Das Sachenrecht wird von mehreren Grundprinzipien beherrscht, die alle einem gemeinsamen Zweck dienen: Sie sollen die Transaktionskosten niedrig halten. Ein gutes Beispiel hierfür ist die Eigentumsvermutung zugunsten des Besitzers nach § 1006 Abs. 1 S. 1 BGB. Dank dieser Vermutung muss nicht aufwendig und kostenintensiv nach dem wahren Eigentümer geforscht werden, was den Rechtsverkehr erheblich erleichtert.

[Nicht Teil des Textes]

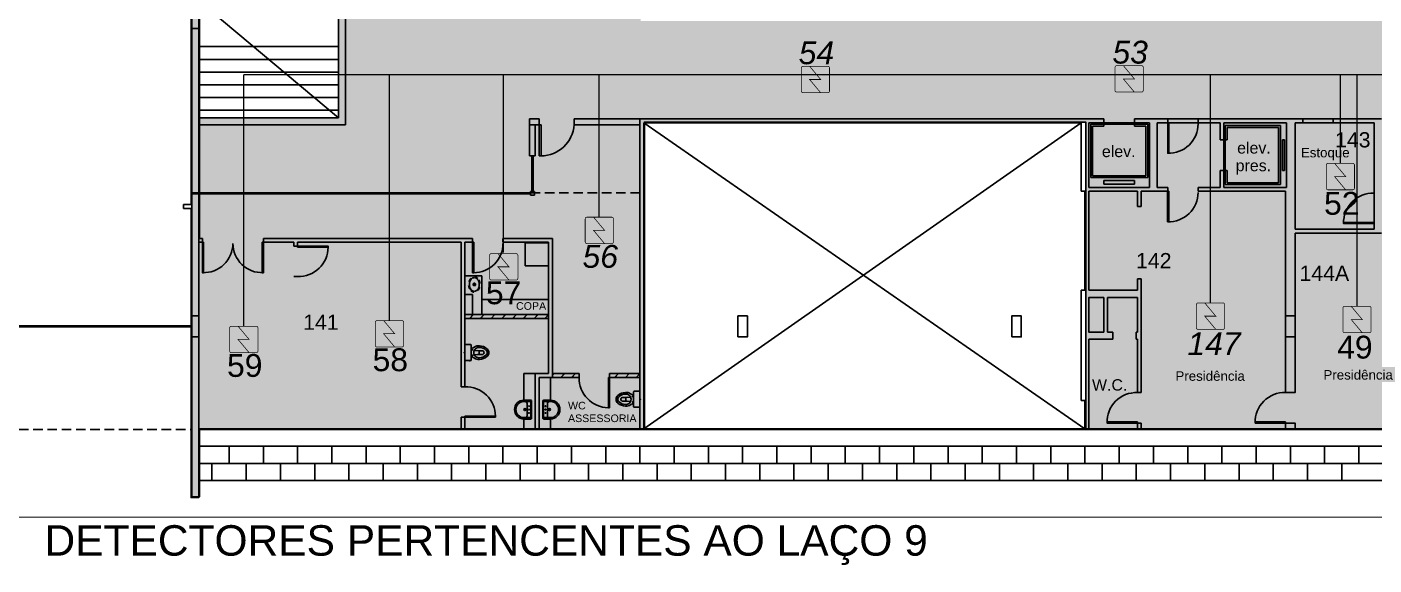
# Model space of a CAD drawing. Header units: metres. Extents: x -331 to 2982, y 362 to 2539.
# Drawn here: x 790.29 to 825.71, y 1548.95 to 1563.09 of the extents above; entities that cross this region are included whole.
import ezdxf
from ezdxf.enums import TextEntityAlignment as Align

# ---------------------------------------------------------------- set-up
doc = ezdxf.new("R2010")
doc.units = ezdxf.units.M
for name, pattern in [('DASHED2', [0.375, 0.25, -0.125]), ('LIN0', [0]), ('XR_BL2_3 PAV$0$HIDDEN', [0.375, 0.25, -0.125]), ('XR_BL2_TERREO$0$CONTINUOUS', [0])]:
    doc.linetypes.add(name, pattern=pattern)
doc.layers.get('0').update_dxf_attribs({"color": 251})
for name, color, linetype in [('72_EGR_BASE_PRIMITIVE', 7, 'Continuous'), ('ALV', 251, 'Continuous'), ('CX', 251, 'Continuous'), ('Det', 251, 'Continuous'), ('DET. FUMAÇA', 1, 'Continuous'), ('Div', 251, 'Continuous'), ('Est', 251, 'Continuous'), ('mobiliario', 251, 'Continuous'), ('Pis', 251, 'Continuous'), ('Proj', 251, 'DASHED2'), ('SALAS NOVAS', 7, 'Continuous'), ('Texto_Salas', 251, 'Continuous'), ('vid', 251, 'Continuous'), ('vis', 251, 'Continuous'), ('XR_BL2_TERREO$0$ATRIB', 251, 'XR_BL2_TERREO$0$CONTINUOUS'), ('Zlixo02', 251, 'LIN0')]:
    doc.layers.add(name, color=color, linetype=linetype)
doc.layers.add('_corredores', color=251, linetype='Continuous', plot=False)
doc.layers.add('_salas', color=251, linetype='Continuous', plot=False)
doc.styles.add('DESTAQUE', font='arial.ttf', dxfattribs={"height": 0.4})
doc.styles.get("Standard").update_dxf_attribs({"font": 'arial.ttf', "height": 0.3})
doc.styles.add('X3G_ENTITY_1416A969', font='arial.ttf', dxfattribs={"height": 0.6})
doc.styles.add('X3G_ENTITY_1416A97D', font='arial.ttf', dxfattribs={"height": 0.6})
doc.styles.add('X3G_ENTITY_1416A987', font='arial.ttf', dxfattribs={"height": 0.6})
doc.styles.add('X3G_ENTITY_1416A991', font='arial.ttf', dxfattribs={"height": 0.6})
doc.styles.add('X3G_ENTITY_1416A99B', font='arial.ttf', dxfattribs={"height": 0.6})
doc.styles.add('X3G_ENTITY_1416A9AF', font='arial.ttf', dxfattribs={"height": 0.6})
doc.styles.add('X3G_ENTITY_1416A9C3', font='arial.ttf', dxfattribs={"height": 0.6})
doc.styles.add('X3G_ENTITY_1416A9CD', font='arial.ttf', dxfattribs={"height": 0.6})
doc.styles.add('X3G_ENTITY_142172DF', font='arial.ttf', dxfattribs={"height": 0.2})
doc.styles.add('X3G_ENTITY_1421854C', font='arial.ttf', dxfattribs={"height": 0.6})
doc.styles.add('X3G_ENTITY_142188C1', font='arial.ttf', dxfattribs={"height": 0.25})
doc.styles.add('X3G_ENTITY_1421891B', font='arial.ttf', dxfattribs={"height": 0.25})
doc.styles.add('X3G_ENTITY_14218957', font='arial.ttf', dxfattribs={"height": 0.25})
doc.styles.add('XR_BL2_TERREO$0$ROMANS', font='romans')

# ---------------------------------------------------------------- blocks, each defined once
blk = doc.blocks.new('Detector de fumaça')
at = {"layer": 'DET. FUMAÇA', "linetype": 'Continuous', "lineweight": 15, "const_width": 0.0187}
blk.add_lwpolyline([(774.599, 539.816), (775.249, 539.816, -0.414214), (775.296, 539.769), (775.296, 539.167, -0.414214), (775.249, 539.12), (774.599, 539.12, -0.414214), (774.553, 539.167), (774.553, 539.769, -0.414214)], format="xyb", close=True, dxfattribs=at)
blk.add_lwpolyline([(774.773, 539.816), (775.064, 539.468), (774.773, 539.468), (775.064, 539.12)], dxfattribs=at)
blk = doc.blocks.new('BLOCO')
at = {"layer": 'Est'}
for p, q in [((988.144, 1496.747), (988.144, 1496.217)), ((988.344, 1496.747), (988.144, 1496.747)), ((988.344, 1496.217), (988.344, 1496.747)), ((988.144, 1496.217), (988.344, 1496.217))]:
    blk.add_line(p, q, dxfattribs=at)
blk = doc.blocks.new('GELADEIRA')
for p, q in [((2307.034, 1720.005), (2307.034, 1720.605)), ((2307.034, 1720.605), (2307.654, 1720.605)), ((2307.654, 1720.605), (2307.654, 1720.005)), ((2307.654, 1720.005), (2307.034, 1720.005))]:
    blk.add_line(p, q)
blk = doc.blocks.new('XR_BL2_TERREO$0$S3310201')
for p, q in [((15, 0), (15, 190)), ((15, 0), (15, -190)), ((35, 210), (160, 210)), ((136, 210), (136, 215)), ((136, 215), (150, 215)), ((138, 217), (148, 217)), ((150, 210), (150, 215)), ((180, 0), (180, 190)), ((180, 0), (180, -190)), ((389, 46), (260, 54)), ((389, 50), (348, 53)), ((389, 50), (466, 51)), ((389, 46), (389, 0)), ((389, -46), (389, 0)), ((35, -210), (160, -210)), ((389, -46), (259, -54)), ((389, -50), (348, -53)), ((389, -50), (466, -51))]:
    blk.add_line(p, q)
for centre in [(209, 75), (209, -75)]:
    blk.add_circle(centre, 7.5)
for centre, radius, start, end in [((35, 190), 20, 90, 180), ((138, 215), 2, 90, 180), ((148, 215), 2, 0, 90), ((160, 190), 20, 0, 90), ((158, 248), 143, 278.704, 300.0001), ((121, 329), 233, 297.9902, 307.3494), ((388, 0), 139, 86.2152, 180.0152), ((388, 0), 139, 179.9848, 273.7848), ((379, -14), 197, 85.5446, 126.6711), ((360, -188), 372, 51.383, 84.6453), ((382, -135), 274, 48.0903, 86.9943), ((466, 1), 50.1, 358.6285, 89.9635), ((466, -1), 50.1, 270.0403, 1.5783), ((500, -7), 100, 3.8225, 50.2134), ((499, 7), 100, 309.8314, 356.174), ((495, -10), 149, 3.9924, 49.372), ((35, -190), 20, 180, 270), ((160, -190), 20, 270, 0), ((158, -248), 143, 59.9999, 81.296), ((121, -329), 233, 52.6506, 62.0098), ((379, 14), 197, 233.3289, 274.4554), ((360, 188), 372, 275.3547, 308.617), ((382, 135), 274, 273.0057, 311.9097), ((495, 10), 149, 310.628, 356.0076)]:
    blk.add_arc(centre, radius, start, end)
blk.add_point((0, 0))
at = {"layer": 'XR_BL2_TERREO$0$ATRIB', "style": 'XR_BL2_TERREO$0$ROMANS'}
for tag, p, flags in [('COR', (-191, 153), 1), ('CODIGO', (-190, 14), 9), ('DESCRICAO', (-190, 81), 9), ('ACESSORIOS', (-190, -126), 9), ('VISTA', (-190, -201), 9), ('PESO', (-190, -59), 9)]:
    blk.add_attdef(tag, p, '', height=50, dxfattribs=dict(at, flags=flags))
blk = doc.blocks.new('XR_BL2_TERREO$0$Lsepdc')
for p, q in [((-0.275, 0.025), (-0.275, 0.225)), ((0.25, 0), (-0.25, 0)), ((-0.235, 0.045), (-0.235, 0.225)), ((0.21, 0.02), (-0.21, 0.02)), ((0.185, 0.135), (-0.185, 0.135)), ((0.235, 0.045), (0.235, 0.225)), ((0.275, 0.025), (0.275, 0.225))]:
    blk.add_line(p, q)
for centre, radius in [((-0.1, 0.0775), 0.0125), ((0, 0.195), 0.03), ((0, 0.195), 0.015), ((0, 0.0775), 0.0125), ((0.1, 0.0775), 0.0125)]:
    blk.add_circle(centre, radius)
for centre, radius, start, end in [((0, 0.225), 0.275, 0, 180), ((0, 0.225), 0.235, 0, 180), ((-0.25, 0.025), 0.025, 180, 270), ((-0.185, 0.185), 0.05, 180, 270), ((-0.21, 0.045), 0.025, 180, 270), ((0.185, 0.185), 0.05, 270, 0), ((0.21, 0.045), 0.025, 270, 0), ((0.25, 0.025), 0.025, 270, 0)]:
    blk.add_arc(centre, radius, start, end)

msp = doc.modelspace()

# ---------------------------------------------------------------- hatches: boundary and pattern name
at = {"layer": '_corredores', "transparency": 33554508}
h = msp.add_hatch(color=256, dxfattribs=at)
h.dxf.hatch_style = 1
h.paths.add_polyline_path([(849.579, 1608.941), (849.579, 1612.216), (852.229, 1612.216), (852.229, 1614.651), (851.629, 1614.651), (851.629, 1624.564), (870.399, 1624.564), (870.399, 1626.4), (870.209, 1626.4), (870.209, 1626.597), (870.023, 1626.784), (866.324, 1626.785), (866.308, 1626.751), (866.204, 1626.834), (865.442, 1627.594), (864.014, 1627.594), (862.586, 1627.594), (861.776, 1626.785), (861.74, 1626.785), (861.736, 1626.784), (861.723, 1626.783), (861.705, 1626.783), (858.111, 1626.785), (857.764, 1626.438), (857.417, 1626.785), (853.824, 1626.785), (853.808, 1626.751), (853.704, 1626.834), (852.942, 1627.594), (851.514, 1627.594), (849.768, 1627.594), (849.768, 1626.834), (849.628, 1626.834), (849.628, 1629.914), (841.254, 1629.914), (841.254, 1628.074), (840.494, 1628.074), (840.494, 1627.116), (840.776, 1626.834), (840.394, 1626.452), (840.062, 1626.785), (836.454, 1626.785), (836.439, 1626.751), (836.334, 1626.834), (835.573, 1627.594), (834.144, 1627.594), (832.716, 1627.594), (831.906, 1626.785), (831.87, 1626.785), (831.867, 1626.784), (831.853, 1626.783), (831.835, 1626.783), (828.241, 1626.785), (827.894, 1626.438), (827.548, 1626.785), (823.954, 1626.785), (823.938, 1626.751), (823.834, 1626.834), (823.072, 1627.594), (821.644, 1627.594), (820.215, 1627.594), (819.405, 1626.785), (819.37, 1626.785), (819.366, 1626.784), (819.353, 1626.783), (819.335, 1626.783), (815.741, 1626.785), (815.394, 1626.438), (815.047, 1626.785), (811.454, 1626.785), (811.438, 1626.751), (811.334, 1626.834), (810.572, 1627.594), (809.144, 1627.594), (807.715, 1627.594), (806.906, 1626.785), (806.87, 1626.785), (806.866, 1626.784), (806.853, 1626.783), (806.835, 1626.783), (803.241, 1626.785), (802.894, 1626.438), (802.547, 1626.785), (798.954, 1626.785), (798.938, 1626.751), (798.834, 1626.834), (798.072, 1627.594), (796.644, 1627.594), (795.215, 1627.594), (794.406, 1626.785), (794.37, 1626.785), (794.366, 1626.784), (794.353, 1626.783), (794.335, 1626.783), (790.741, 1626.785), (790.394, 1626.438), (790.047, 1626.785), (786.454, 1626.785), (786.438, 1626.751), (786.334, 1626.834), (785.572, 1627.594), (784.144, 1627.594), (782.716, 1627.594), (781.906, 1626.785), (781.87, 1626.785), (781.866, 1626.784), (781.853, 1626.783), (781.835, 1626.783), (778.241, 1626.785), (777.894, 1626.438), (777.547, 1626.785), (773.954, 1626.785), (773.938, 1626.751), (773.834, 1626.834), (773.072, 1627.594), (771.644, 1627.594), (770.216, 1627.594), (769.406, 1626.785), (769.37, 1626.785), (769.367, 1626.784), (769.353, 1626.783), (769.335, 1626.783), (765.635, 1626.784), (765.449, 1626.597), (765.449, 1626.4), (765.259, 1626.4), (765.259, 1624.564), (770.104, 1624.564), (770.104, 1614.651), (770.414, 1614.651), (770.414, 1605.531), (765.029, 1605.531), (765.029, 1610.831), (763.829, 1610.831), (763.829, 1605.531), (755.929, 1605.531), (755.929, 1610.831), (754.829, 1610.831), (754.829, 1605.531), (746.079, 1605.531), (746.079, 1601.916), (748.449, 1601.916), (748.449, 1603.616), (748.049, 1603.616), (748.049, 1603.816), (754.474, 1603.816), (754.474, 1603.616), (754.149, 1603.616), (754.149, 1601.916), (754.474, 1601.916), (754.474, 1601.716), (754.474, 1601.191), (757.974, 1601.191), (757.974, 1603.591), (757.974, 1603.791), (768.029, 1603.791), (768.029, 1603.771), (768.834, 1603.771), (768.834, 1595.811), (768.004, 1595.811), (768.004, 1595.791), (762.364, 1595.791), (762.364, 1590.581), (754.174, 1590.581), (754.174, 1593.066), (752.499, 1593.066), (752.499, 1560.541), (752.299, 1560.541), (752.299, 1561.441), (751.199, 1561.441), (751.199, 1558.116), (752.299, 1558.116), (752.299, 1559.116), (752.499, 1559.116), (752.499, 1557.116), (755.419, 1557.116), (755.419, 1558.966), (753.924, 1558.966), (753.924, 1563.441), (754.189, 1563.441), (754.189, 1587.651), (760.824, 1587.651), (760.824, 1587.741), (768.929, 1587.741), (768.929, 1563.841), (770.329, 1563.841), (770.329, 1587.741), (771.929, 1587.741), (773.029, 1587.741), (775.879, 1587.741), (775.879, 1586.641), (777.179, 1586.641), (777.179, 1587.741), (788.779, 1587.741), (788.779, 1586.641), (790.079, 1586.641), (790.079, 1587.741), (802.329, 1587.741), (804.029, 1587.741), (844.979, 1587.741), (844.979, 1587.916), (845.279, 1587.916), (845.279, 1587.563), (845.279, 1563.241), (806.429, 1563.241), (806.429, 1563.441), (806.629, 1563.441), (806.629, 1565.791), (806.229, 1565.791), (806.229, 1585.191), (806.629, 1585.191), (806.629, 1587.541), (803.039, 1587.541), (803.039, 1576.841), (798.689, 1576.841), (796.094, 1576.841, -0.496898), (794.36, 1575.527), (793.559, 1573.063), (798.509, 1571.449), (798.509, 1560.721), (794.829, 1560.721), (794.829, 1560.541), (794.829, 1557.551), (801.129, 1557.551), (801.129, 1556.451), (802.329, 1556.451), (802.329, 1557.551), (805.229, 1557.551), (805.229, 1556.451), (806.429, 1556.451), (806.429, 1560.691), (845.279, 1560.691), (845.279, 1555.997), (846.404, 1555.997), (846.404, 1556.891), (846.054, 1556.891), (846.054, 1556.991), (846.454, 1556.991), (846.454, 1560.691), (849.204, 1560.691), (849.204, 1556.991), (849.604, 1556.991), (849.604, 1556.891), (849.254, 1556.891), (849.254, 1555.997), (850.479, 1555.997), (850.479, 1563.241), (849.579, 1563.241), (849.579, 1572.291), (849.579, 1575.941), (849.579, 1587.563), (849.579, 1588.141), (849.679, 1588.141), (849.679, 1587.991), (866.719, 1587.991), (870.339, 1587.991), (870.339, 1595.791), (866.429, 1595.791), (866.429, 1595.721), (852.429, 1595.721), (852.429, 1590.391), (849.579, 1590.391)])
h.paths.add_polyline_path([(845.139, 1595.841), (845.279, 1595.841), (845.279, 1590.341), (839.679, 1590.341), (775.879, 1590.341), (773.004, 1590.341), (773.004, 1595.811), (771.774, 1595.811), (771.774, 1603.766), (773.119, 1603.766), (773.119, 1603.821), (845.139, 1603.821)], flags=16)
h.paths.add_polyline_path([(846.026, 1605.531), (845.019, 1605.531), (845.019, 1609.931), (845.029, 1610.831), (843.829, 1610.831), (843.829, 1605.531), (835.029, 1605.531), (835.029, 1610.831), (833.829, 1610.831), (833.829, 1605.531), (825.029, 1605.531), (825.029, 1610.831), (823.829, 1610.831), (823.829, 1605.531), (815.029, 1605.531), (815.029, 1610.831), (813.829, 1610.831), (813.829, 1605.531), (805.029, 1605.531), (805.029, 1610.831), (803.829, 1610.831), (803.829, 1605.531), (795.029, 1605.531), (795.029, 1610.831), (793.829, 1610.831), (793.829, 1605.531), (785.029, 1605.531), (785.029, 1610.831), (783.829, 1610.831), (783.829, 1605.531), (775.029, 1605.531), (775.029, 1610.831), (773.999, 1610.831), (773.999, 1605.531), (773.214, 1605.531), (773.214, 1614.651), (773.144, 1614.651), (773.144, 1620.131), (775.164, 1620.131), (775.164, 1622.051), (773.644, 1622.051), (773.644, 1621.631), (773.184, 1621.631), (773.184, 1624.564), (845.949, 1624.563), (845.949, 1621.631), (845.489, 1621.631), (845.489, 1622.051), (843.989, 1622.051), (843.989, 1621.631), (843.969, 1620.131), (845.949, 1620.131), (845.949, 1614.651), (846.026, 1614.651)], flags=16)
h.paths.add_polyline_path([(865.19, 1593.806, -2.788173), (864.407, 1590.628), (864.569, 1590.706), (864.758, 1590.381), (866.058, 1591.278, -0.450063), (866.35, 1592.463), (865.616, 1593.862), (865.298, 1593.662)], flags=16)
h.paths.add_polyline_path([(845.264, 1626.452), (844.882, 1626.834), (845.264, 1627.216), (845.646, 1626.834)], flags=16)
h.paths.add_polyline_path([(851.514, 1626.452), (851.132, 1626.834), (851.514, 1627.216), (851.896, 1626.834)], flags=16)
h.paths.add_polyline_path([(834.144, 1626.452), (833.762, 1626.834), (834.144, 1627.216), (834.526, 1626.834)], flags=16)
h.paths.add_polyline_path([(864.014, 1626.452), (863.632, 1626.834), (864.014, 1627.216), (864.396, 1626.834)], flags=16)
h.paths.add_polyline_path([(821.644, 1626.452), (821.262, 1626.834), (821.644, 1627.216), (822.026, 1626.834)], flags=16)
h.paths.add_polyline_path([(809.526, 1626.834), (809.144, 1626.452), (808.762, 1626.834), (809.144, 1627.216)], flags=16)
h.paths.add_polyline_path([(797.026, 1626.834), (796.644, 1626.452), (796.262, 1626.834), (796.644, 1627.216)], flags=16)
h.paths.add_polyline_path([(784.526, 1626.834), (784.144, 1626.452), (783.762, 1626.834), (784.144, 1627.216)], flags=16)
h.paths.add_polyline_path([(772.026, 1626.834), (771.644, 1626.452), (771.262, 1626.834), (771.644, 1627.216)], flags=16)
h.paths.add_polyline_path([(767.575, 1593.944), (767.428, 1593.841), (767.223, 1594.085), (766.329, 1593.191, -0.414214), (766.329, 1592.392), (767.223, 1591.497), (767.428, 1591.741), (767.575, 1591.638, -3.171595)], flags=16)
at = {"layer": '_salas', "transparency": 33554559}
h = msp.add_hatch(color=256, dxfattribs=at)
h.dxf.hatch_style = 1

Das Absolutheitsprinzip besagt, dass dingliche Rechte gegenüber jedermann wirken. Dies schafft Rechtsklarheit und dient dem Verkehrsschutz, weil jeder weiß, dass er fremdes Eigentum respektieren muss. Das Absolutheitsprinzip steht dabei im Gegensatz zur Relativität der Schuldverhältnisse, bei der Rechte nur zwischen den Vertragsparteien bestehen.
Der Bestimmtheitsgrundsatz, auch Spezialität genannt, verlangt, dass eine Verfügung immer nur über einzelne Sachen möglich ist. Du kannst also nicht dein gesamtes Vermögen, einen Teil eines Warenlagers oder ein Unternehmen als Ganzes mit einer einzigen Verfügung übertragen. Entscheidend ist, dass ein objektiver Beobachter allein durch Kenntnis der Kriterien der Vereinbarung beurteilen können muss, wann was übertragen wird. Zulässige Bestimmungskriterien sind etwa eine Markierung, die Aufnahme in eine Liste oder eine Raumsicherungsklausel wie „alles in Raum A". Nicht ausreichend bestimmt wäre hingegen „alles in Raum A, was nicht unter Eigentumsvorbehalt geliefert wurde", weil dies von außen nicht erkennbar ist. Dieser Grundsatz ist insbesondere bei der Sicherungsübereignung relevant.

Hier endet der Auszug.